## [EXERCISE DETAILS]
Every line from the first record below down to the line that includes "0) x (0, 1, 0)" must be reproduced exactly; the pictures are not.

## [Items listed in a dataset]
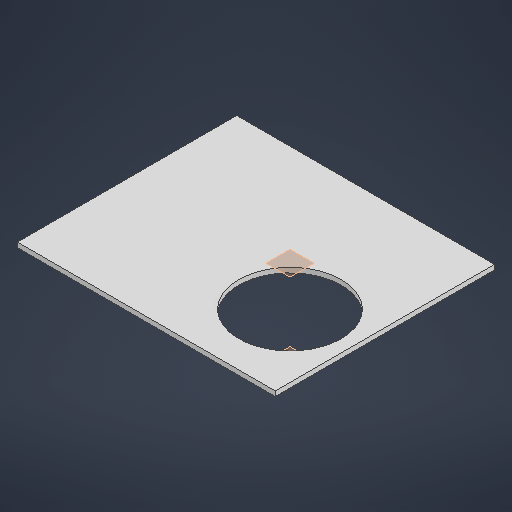
# Autodesk Inventor part: tapa_lanzador_pelota
Saved by Autodesk Inventor 2026.2 (Build 302298010, 298A)
## iProperties
Created: 2026-03-17
Part Number: tapa_lanzador_pelota
Material: Generic
Document SubType Name: Modeling
Designer: trini
Density: 1 g/cm^3
Appearance: Default
Author: trini
Autodesk Inventor part; units mm, degrees
ref_plane "YZ Plane" through (0, 0, 0) normal (1, 0, 0) x (0, 1, 0)
ref_plane "XY Plane" through (0, 0, 0) normal (0, 0, 1) x (1, 0, 0)
ref_plane "Work Plane1" through (0, 35, 0) normal (0, 1, 0) x (-1, 0, 0)
ref_plane "Work Plane2" through (0, -35, 0) normal (0, 1, 0) x (-1, 0, 0)
sketch "Sketch3" plane through (0, 0, 0) normal (0, 1, 0) x (-1, 0, 0)
  line L0 (161.3, -117.07) -> (-52.7, -117.07)
  line L1 (-52.7, -117.07) -> (-52.7, 64.93)
  line L2 (-52.7, 64.93) -> (161.3, 64.93)
  line L3 (161.3, 64.93) -> (161.3, -117.07)
  circle A0 centre (0, 0) radius 37.5
  dimension "d8" = 182
  dimension "d9" = 214
  dimension "d10" = 52.7
  dimension "d11" = 64.93
  dimension "d14" = 75
  constraints: 8 end point, 2 parallel, 1 centre point, 1 coincident, 1 horizontal, 1 perpendicular
  measures "d8" distance of L0.end L1.end
  measures "d9" distance of L1.end L2.end
  measures "d10" distance from line of L1 point (0, 0)
  measures "d11" distance from line of L2 point (0, 0)
  measures "d14" diameter of A0
extrude "Extrusion1" add sketch "Sketch3" along normal mid plane 4
sketch "Sketch4" plane through (0, 35, 0) normal (0, 1, 0) x (-1, 0, 0)
  circle A0 centre (0, 0) radius 37.5
  circle A1 centre (0, 0) radius 42.5
  dimension "d15" = 75
  dimension "d16" = 85
  constraints: 2 centre point, 2 coincident
  measures "d15" diameter of A0
  measures "d16" diameter of A1
extrude "Extrusion2" add sketch "Sketch4" against normal up to surface (70 mm away)
sketch "Sketch5" plane through (0, -35, 0) normal (0, 1, 0) x (-1, 0, 0)
  circle A0 centre (0, 0) radius 37.5
  circle A1 centre (0, 0) radius 20
  dimension "d19" = 75
  dimension "d20" = 40
  constraints: 2 centre point, 2 coincident
  measures "d19" diameter of A0
  measures "d20" diameter of A1
extrude "Extrusion3" add sketch "Sketch5" along normal blind 3
sketch "Sketch6" plane through (0, 0, 0) normal (0, 0, 1) x (1, 0, 0)
  line L0 (-37.5, -32) -> (37.5, -32) projected
  line L1 (-42.5, -35) -> (42.5, -35) projected
  arc A0 (-24.5305, -32) -> (-20, -35) centre (-2.9998, -4.406) ccw
  line L2 (-24.5305, -32) -> (-20, -32)
  line L3 (-20, -35) -> (-20, -32)
  line L4 (-20, -32) -> (-20, -35) projected
  line L5 (-24.5305, -32) -> (-20, -32)
  line L6 (0, -42.1057) -> (0, 7.0176) projected
  point P0 (0, 0)
  dimension "d23" = 35
  dimension "d24" = 4.5305
  constraints: 6 end point, 3 collinear, 3 point on line, 2 point on circle, 1 centre point
  measures "d23" radius of A0
  measures "d24" distance of L2.end L2.start
revolve "Revolution1" cut sketch "Sketch6" angle 360 about axis through (0, -10, 0) along (0, 1, 0) contours L0 L3 A0
sketch "Sketch7" plane through (0, 2, 0) normal (0, 1, 0) x (1, 0, 0)
  circle A0 centre (0, 0) radius 42.5
  circle A1 centre (0, 0) radius 42.5 projected
  dimension "d26" = 85
  constraints: 1 centre point, 1 coincident, 1 concentric
  measures "d26" diameter of A0
extrude "Extrusion4" cut sketch "Sketch7" along normal mid plane 80
body "Solid1"

## [RESULT]
# Autodesk Inventor part: tapa_lanzador_pelota
Saved by Autodesk Inventor 2026.2 (Build 302298010, 298A)
## iProperties
Created: 2026-03-17
Part Number: tapa_lanzador_pelota
Material: Generic
Document SubType Name: Modeling
Designer: trini
Density: 1 g/cm^3
Appearance: Default
Author: trini
Autodesk Inventor part; units mm, degrees
ref_plane "YZ Plane" through (0, 0, 0) normal (1, 0, 0) x (0, 1, 0)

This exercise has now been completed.